Presented at SatNav 2003 The 6th International Symposium on Satellite Navigation Technology Including Mobile Positioning & Location Serivces Melbourne, Australia 22–25 July 2003

Quantitative Subsidence Monitoring: The Integrated InSAR, GPS and GIS Approach Linlin Ge, Eric Cheng, Xiaojing Li, and Chris Rizos School of Surveying & Spatial Information Systems The University of New South Wales Sydney NSW 2052, AUSTRALIA Phone: +61-2-9385 4177 Fax: +61-2-9313 7493 Email: [email protected]

ABSTRACT Errors in radar satellite orbit determination are common problems in radar interferometry (InSAR). For example, when trying to locate a radar test site with known geographic coordinates using the geocoding information in SAR image (the latitude and longitude of the four image corners), the location may be well away from the true position. Another example is when there is indeed a significant signal in the differential InSAR result, there is uncertainty as to whether it is due to ground deformation or atmospheric heterogeneity. As a consequence, InSAR is considered mostly as a qualitative tool for subsidence monitoring. Even after these are all corrected, it is necessary to export the InSAR results to a GIS so that they can be overlaid as layers over orthophotos and plans, in order to interpret the results. To aid InSAR applications it is therefore necessary to use both GPS and GIS. Results are presented with an application to monitoring subsidence due to underground mining in Appin, southwest of Sydney, Australia. KEYWORDS: Interferometric Synthetic Aperture Radar, Geographic Information Systems, Global Positioning System, radar applications.
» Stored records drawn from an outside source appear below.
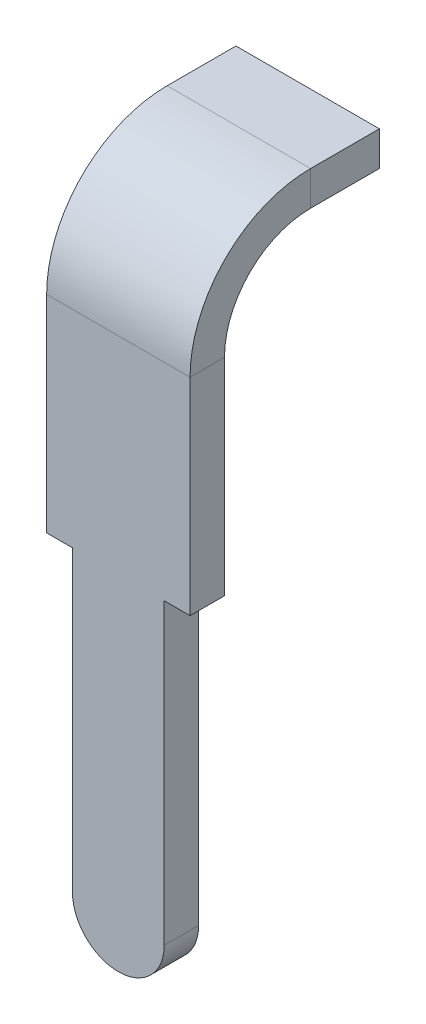
ISO-10303-21;
HEADER;
FILE_DESCRIPTION(('STEP AP214'),'2;1');
FILE_NAME('part.step','',(''),(''),'','','');
FILE_SCHEMA(('AUTOMOTIVE_DESIGN { 1 0 10303 214 1 1 1 1 }'));
ENDSEC;
DATA;
#1=APPLICATION_CONTEXT('core data for automotive mechanical design processes');
#2=APPLICATION_PROTOCOL_DEFINITION('international standard','automotive_design',2000,#1);
#3=PRODUCT_CONTEXT('',#1,'mechanical');
#4=PRODUCT('Part','Part','',(#3));
#5=PRODUCT_RELATED_PRODUCT_CATEGORY('part','',(#4));
#6=PRODUCT_DEFINITION_FORMATION('','',#4);
#7=PRODUCT_DEFINITION_CONTEXT('part definition',#1,'design');
#8=PRODUCT_DEFINITION('design','',#6,#7);
#9=PRODUCT_DEFINITION_SHAPE('','',#8);
#10=(LENGTH_UNIT() NAMED_UNIT(*) SI_UNIT(.MILLI.,.METRE.));
#11=(NAMED_UNIT(*) PLANE_ANGLE_UNIT() SI_UNIT($,.RADIAN.));
#12=(NAMED_UNIT(*) SI_UNIT($,.STERADIAN.) SOLID_ANGLE_UNIT());
#13=UNCERTAINTY_MEASURE_WITH_UNIT(LENGTH_MEASURE(1.E-05),#10,'distance_accuracy_value','');
#14=(GEOMETRIC_REPRESENTATION_CONTEXT(3) GLOBAL_UNCERTAINTY_ASSIGNED_CONTEXT((#13)) GLOBAL_UNIT_ASSIGNED_CONTEXT((#10,
#11,#12)) REPRESENTATION_CONTEXT('',''));
#15=CARTESIAN_POINT('',(0.,0.,0.));
#16=DIRECTION('',(0.,0.,1.));
#17=DIRECTION('',(1.,0.,0.));
#18=AXIS2_PLACEMENT_3D('',#15,#16,#17);
#19=CARTESIAN_POINT('',(0.,-4.3,-5.5));
#20=DIRECTION('',(0.,0.,1.));
#21=DIRECTION('',(0.,-1.,0.));
#22=AXIS2_PLACEMENT_3D('',#19,#20,#21);
#23=CYLINDRICAL_SURFACE('',#22,0.4);
#24=CARTESIAN_POINT('',(0.,-4.3,7.15));
#25=DIRECTION('',(0.,0.,1.));
#26=DIRECTION('',(1.,0.,0.));
#27=AXIS2_PLACEMENT_3D('',#24,#25,#26);
#28=CIRCLE('',#27,0.4);
#29=CARTESIAN_POINT('',(0.,-4.7,7.15));
#30=VERTEX_POINT('',#29);
#31=CARTESIAN_POINT('',(0.4,-4.3,7.15));
#32=VERTEX_POINT('',#31);
#33=EDGE_CURVE('E286',#30,#32,#28,.T.);
#34=ORIENTED_EDGE('',*,*,#33,.F.);
#35=DIRECTION('',(0.,0.,-1.));
#36=VECTOR('',#35,1.);
#37=CARTESIAN_POINT('',(0.,-4.7,6.85));
#38=LINE('',#37,#36);
#39=CARTESIAN_POINT('',(0.,-4.7,6.85));
#40=VERTEX_POINT('',#39);
#41=EDGE_CURVE('E11',#30,#40,#38,.T.);
#42=ORIENTED_EDGE('',*,*,#41,.T.);
#43=CARTESIAN_POINT('',(0.,-4.3,6.85));
#44=DIRECTION('',(0.,0.,-1.));
#45=DIRECTION('',(-1.,0.,0.));
#46=AXIS2_PLACEMENT_3D('',#43,#44,#45);
#47=CIRCLE('',#46,0.4);
#48=CARTESIAN_POINT('',(0.4,-4.3,6.85));
#49=VERTEX_POINT('',#48);
#50=EDGE_CURVE('E184',#49,#40,#47,.T.);
#51=ORIENTED_EDGE('',*,*,#50,.F.);
#52=DIRECTION('',(0.,0.,-1.));
#53=VECTOR('',#52,1.);
#54=CARTESIAN_POINT('',(0.4,-4.3,6.85));
#55=LINE('',#54,#53);
#56=EDGE_CURVE('E193',#32,#49,#55,.T.);
#57=ORIENTED_EDGE('',*,*,#56,.F.);
#58=EDGE_LOOP('',(#34,#42,#51,#57));
#59=FACE_BOUND('',#58,.T.);
#60=ADVANCED_FACE('F17',(#59),#23,.T.);
#61=CARTESIAN_POINT('',(0.,-4.3,-5.5));
#62=DIRECTION('',(0.,0.,-1.));
#63=DIRECTION('',(0.,1.,0.));
#64=AXIS2_PLACEMENT_3D('',#61,#62,#63);
#65=CYLINDRICAL_SURFACE('',#64,0.4);
#66=ORIENTED_EDGE('',*,*,#41,.F.);
#67=CARTESIAN_POINT('',(0.,-4.3,7.15));
#68=DIRECTION('',(0.,0.,1.));
#69=DIRECTION('',(1.,0.,0.));
#70=AXIS2_PLACEMENT_3D('',#67,#68,#69);
#71=CIRCLE('',#70,0.4);
#72=CARTESIAN_POINT('',(-0.4,-4.3,7.15));
#73=VERTEX_POINT('',#72);
#74=EDGE_CURVE('E282',#73,#30,#71,.T.);
#75=ORIENTED_EDGE('',*,*,#74,.F.);
#76=DIRECTION('',(0.,0.,1.));
#77=VECTOR('',#76,1.);
#78=CARTESIAN_POINT('',(-0.4,-4.3,7.15));
#79=LINE('',#78,#77);
#80=CARTESIAN_POINT('',(-0.4,-4.3,6.85));
#81=VERTEX_POINT('',#80);
#82=EDGE_CURVE('E25',#81,#73,#79,.T.);
#83=ORIENTED_EDGE('',*,*,#82,.F.);
#84=CARTESIAN_POINT('',(0.,-4.3,6.85));
#85=DIRECTION('',(0.,0.,-1.));
#86=DIRECTION('',(-1.,0.,0.));
#87=AXIS2_PLACEMENT_3D('',#84,#85,#86);
#88=CIRCLE('',#87,0.4);
#89=EDGE_CURVE('E187',#40,#81,#88,.T.);
#90=ORIENTED_EDGE('',*,*,#89,.F.);
#91=EDGE_LOOP('',(#66,#75,#83,#90));
#92=FACE_BOUND('',#91,.T.);
#93=ADVANCED_FACE('F283',(#92),#65,.T.);
#94=CARTESIAN_POINT('',(-0.4,-4.7,-5.5));
#95=DIRECTION('',(1.,0.,0.));
#96=DIRECTION('',(0.,1.,0.));
#97=AXIS2_PLACEMENT_3D('',#94,#95,#96);
#98=PLANE('',#97);
#99=DIRECTION('',(0.,-1.,0.));
#100=VECTOR('',#99,1.);
#101=CARTESIAN_POINT('',(-0.4,0.1,6.85));
#102=LINE('',#101,#100);
#103=CARTESIAN_POINT('',(-0.4,-1.7,6.85));
#104=VERTEX_POINT('',#103);
#105=EDGE_CURVE('E152',#104,#81,#102,.T.);
#106=ORIENTED_EDGE('',*,*,#105,.T.);
#107=ORIENTED_EDGE('',*,*,#82,.T.);
#108=DIRECTION('',(0.,1.,0.));
#109=VECTOR('',#108,1.);
#110=CARTESIAN_POINT('',(-0.4,-4.7,7.15));
#111=LINE('',#110,#109);
#112=CARTESIAN_POINT('',(-0.4,-1.7,7.15));
#113=VERTEX_POINT('',#112);
#114=EDGE_CURVE('E173',#73,#113,#111,.T.);
#115=ORIENTED_EDGE('',*,*,#114,.T.);
#116=DIRECTION('',(0.,0.,1.));
#117=VECTOR('',#116,1.);
#118=CARTESIAN_POINT('',(-0.4,-1.7,-5.5));
#119=LINE('',#118,#117);
#120=EDGE_CURVE('E268',#104,#113,#119,.T.);
#121=ORIENTED_EDGE('',*,*,#120,.F.);
#122=EDGE_LOOP('',(#106,#107,#115,#121));
#123=FACE_BOUND('',#122,.T.);
#124=ADVANCED_FACE('F274',(#123),#98,.F.);
#125=CARTESIAN_POINT('',(-0.625,-1.7,-5.5));
#126=DIRECTION('',(0.,1.,0.));
#127=DIRECTION('',(1.,0.,0.));
#128=AXIS2_PLACEMENT_3D('',#125,#126,#127);
#129=PLANE('',#128);
#130=DIRECTION('',(1.,0.,0.));
#131=VECTOR('',#130,1.);
#132=CARTESIAN_POINT('',(-0.625,-1.7,6.85));
#133=LINE('',#132,#131);
#134=CARTESIAN_POINT('',(-0.625,-1.7,6.85));
#135=VERTEX_POINT('',#134);
#136=EDGE_CURVE('E143',#135,#104,#133,.T.);
#137=ORIENTED_EDGE('',*,*,#136,.T.);
#138=ORIENTED_EDGE('',*,*,#120,.T.);
#139=DIRECTION('',(-1.,0.,0.));
#140=VECTOR('',#139,1.);
#141=CARTESIAN_POINT('',(-0.625,-1.7,7.15));
#142=LINE('',#141,#140);
#143=CARTESIAN_POINT('',(-0.625,-1.7,7.15));
#144=VERTEX_POINT('',#143);
#145=EDGE_CURVE('E170',#113,#144,#142,.T.);
#146=ORIENTED_EDGE('',*,*,#145,.T.);
#147=DIRECTION('',(0.,0.,1.));
#148=VECTOR('',#147,1.);
#149=CARTESIAN_POINT('',(-0.625,-1.7,-5.5));
#150=LINE('',#149,#148);
#151=EDGE_CURVE('E161',#135,#144,#150,.T.);
#152=ORIENTED_EDGE('',*,*,#151,.F.);
#153=EDGE_LOOP('',(#137,#138,#146,#152));
#154=FACE_BOUND('',#153,.T.);
#155=ADVANCED_FACE('F168',(#154),#129,.F.);
#156=CARTESIAN_POINT('',(0.625,-1.7,-5.5));
#157=DIRECTION('',(0.,1.,0.));
#158=DIRECTION('',(1.,0.,0.));
#159=AXIS2_PLACEMENT_3D('',#156,#157,#158);
#160=PLANE('',#159);
#161=DIRECTION('',(1.,0.,0.));
#162=VECTOR('',#161,1.);
#163=CARTESIAN_POINT('',(-0.625,-1.7,6.85));
#164=LINE('',#163,#162);
#165=CARTESIAN_POINT('',(0.4,-1.7,6.85));
#166=VERTEX_POINT('',#165);
#167=CARTESIAN_POINT('',(0.625,-1.7,6.85));
#168=VERTEX_POINT('',#167);
#169=EDGE_CURVE('E203',#166,#168,#164,.T.);
#170=ORIENTED_EDGE('',*,*,#169,.T.);
#171=DIRECTION('',(0.,0.,1.));
#172=VECTOR('',#171,1.);
#173=CARTESIAN_POINT('',(0.625,-1.7,-5.5));
#174=LINE('',#173,#172);
#175=CARTESIAN_POINT('',(0.625,-1.7,7.15));
#176=VERTEX_POINT('',#175);
#177=EDGE_CURVE('E207',#168,#176,#174,.T.);
#178=ORIENTED_EDGE('',*,*,#177,.T.);
#179=DIRECTION('',(-1.,0.,0.));
#180=VECTOR('',#179,1.);
#181=CARTESIAN_POINT('',(0.625,-1.7,7.15));
#182=LINE('',#181,#180);
#183=CARTESIAN_POINT('',(0.4,-1.7,7.15));
#184=VERTEX_POINT('',#183);
#185=EDGE_CURVE('E297',#176,#184,#182,.T.);
#186=ORIENTED_EDGE('',*,*,#185,.T.);
#187=DIRECTION('',(0.,0.,1.));
#188=VECTOR('',#187,1.);
#189=CARTESIAN_POINT('',(0.4,-1.7,-5.5));
#190=LINE('',#189,#188);
#191=EDGE_CURVE('E196',#166,#184,#190,.T.);
#192=ORIENTED_EDGE('',*,*,#191,.F.);
#193=EDGE_LOOP('',(#170,#178,#186,#192));
#194=FACE_BOUND('',#193,.T.);
#195=ADVANCED_FACE('F342',(#194),#160,.F.);
#196=CARTESIAN_POINT('',(0.4,-4.7,-5.5));
#197=DIRECTION('',(-1.,0.,0.));
#198=DIRECTION('',(0.,0.,1.));
#199=AXIS2_PLACEMENT_3D('',#196,#197,#198);
#200=PLANE('',#199);
#201=DIRECTION('',(0.,-1.,0.));
#202=VECTOR('',#201,1.);
#203=CARTESIAN_POINT('',(0.4,-4.7,7.15));
#204=LINE('',#203,#202);
#205=EDGE_CURVE('E292',#184,#32,#204,.T.);
#206=ORIENTED_EDGE('',*,*,#205,.T.);
#207=ORIENTED_EDGE('',*,*,#56,.T.);
#208=DIRECTION('',(0.,1.,0.));
#209=VECTOR('',#208,1.);
#210=CARTESIAN_POINT('',(0.4,0.1,6.85));
#211=LINE('',#210,#209);
#212=EDGE_CURVE('E166',#49,#166,#211,.T.);
#213=ORIENTED_EDGE('',*,*,#212,.T.);
#214=ORIENTED_EDGE('',*,*,#191,.T.);
#215=EDGE_LOOP('',(#206,#207,#213,#214));
#216=FACE_BOUND('',#215,.T.);
#217=ADVANCED_FACE('F345',(#216),#200,.F.);
#218=CARTESIAN_POINT('',(0.,0.,5.5));
#219=DIRECTION('',(0.,0.,1.));
#220=DIRECTION('',(1.,0.,0.));
#221=AXIS2_PLACEMENT_3D('',#218,#219,#220);
#222=PLANE('',#221);
#223=DIRECTION('',(0.,1.,0.));
#224=VECTOR('',#223,1.);
#225=CARTESIAN_POINT('',(0.625,1.15,5.5));
#226=LINE('',#225,#224);
#227=CARTESIAN_POINT('',(0.625,0.85,5.5));
#228=VERTEX_POINT('',#227);
#229=CARTESIAN_POINT('',(0.625,1.15,5.5));
#230=VERTEX_POINT('',#229);
#231=EDGE_CURVE('E248',#228,#230,#226,.T.);
#232=ORIENTED_EDGE('',*,*,#231,.F.);
#233=DIRECTION('',(1.,0.,0.));
#234=VECTOR('',#233,1.);
#235=CARTESIAN_POINT('',(-0.625,0.85,5.5));
#236=LINE('',#235,#234);
#237=CARTESIAN_POINT('',(-0.625,0.85,5.5));
#238=VERTEX_POINT('',#237);
#239=EDGE_CURVE('E37',#238,#228,#236,.T.);
#240=ORIENTED_EDGE('',*,*,#239,.F.);
#241=DIRECTION('',(0.,-1.,0.));
#242=VECTOR('',#241,1.);
#243=CARTESIAN_POINT('',(-0.625,1.15,5.5));
#244=LINE('',#243,#242);
#245=CARTESIAN_POINT('',(-0.625,1.15,5.5));
#246=VERTEX_POINT('',#245);
#247=EDGE_CURVE('E44',#246,#238,#244,.T.);
#248=ORIENTED_EDGE('',*,*,#247,.F.);
#249=DIRECTION('',(-1.,0.,0.));
#250=VECTOR('',#249,1.);
#251=CARTESIAN_POINT('',(-0.625,1.15,5.5));
#252=LINE('',#251,#250);
#253=EDGE_CURVE('E222',#230,#246,#252,.T.);
#254=ORIENTED_EDGE('',*,*,#253,.F.);
#255=EDGE_LOOP('',(#232,#240,#248,#254));
#256=FACE_BOUND('',#255,.T.);
#257=ADVANCED_FACE('F365',(#256),#222,.F.);
#258=CARTESIAN_POINT('',(-0.625,0.85,6.1));
#259=DIRECTION('',(0.,1.,0.));
#260=DIRECTION('',(1.,0.,0.));
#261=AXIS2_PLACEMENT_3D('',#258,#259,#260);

1. INTRODUCTION The fact that no satellite has been launched for the express purpose of radar interferometry has meant that inaccurate orbit determination for satellites such as JERS-1, ERS-1 and ERS-2, has had to be tolerated in applications to derive topography and topographic change information from radar images (Graham, 1974). For example, the authors had to locate a radar test site near the Appin township, southwest of

Sydney (Figure 1), using both the known GPS coordinates of the site and the geocoding information in the SLC (single look complex) data (i.e. the latitude and longitude of the four image corners). There are three collieries at the test site, namely, Appin, Westcliff and Tower.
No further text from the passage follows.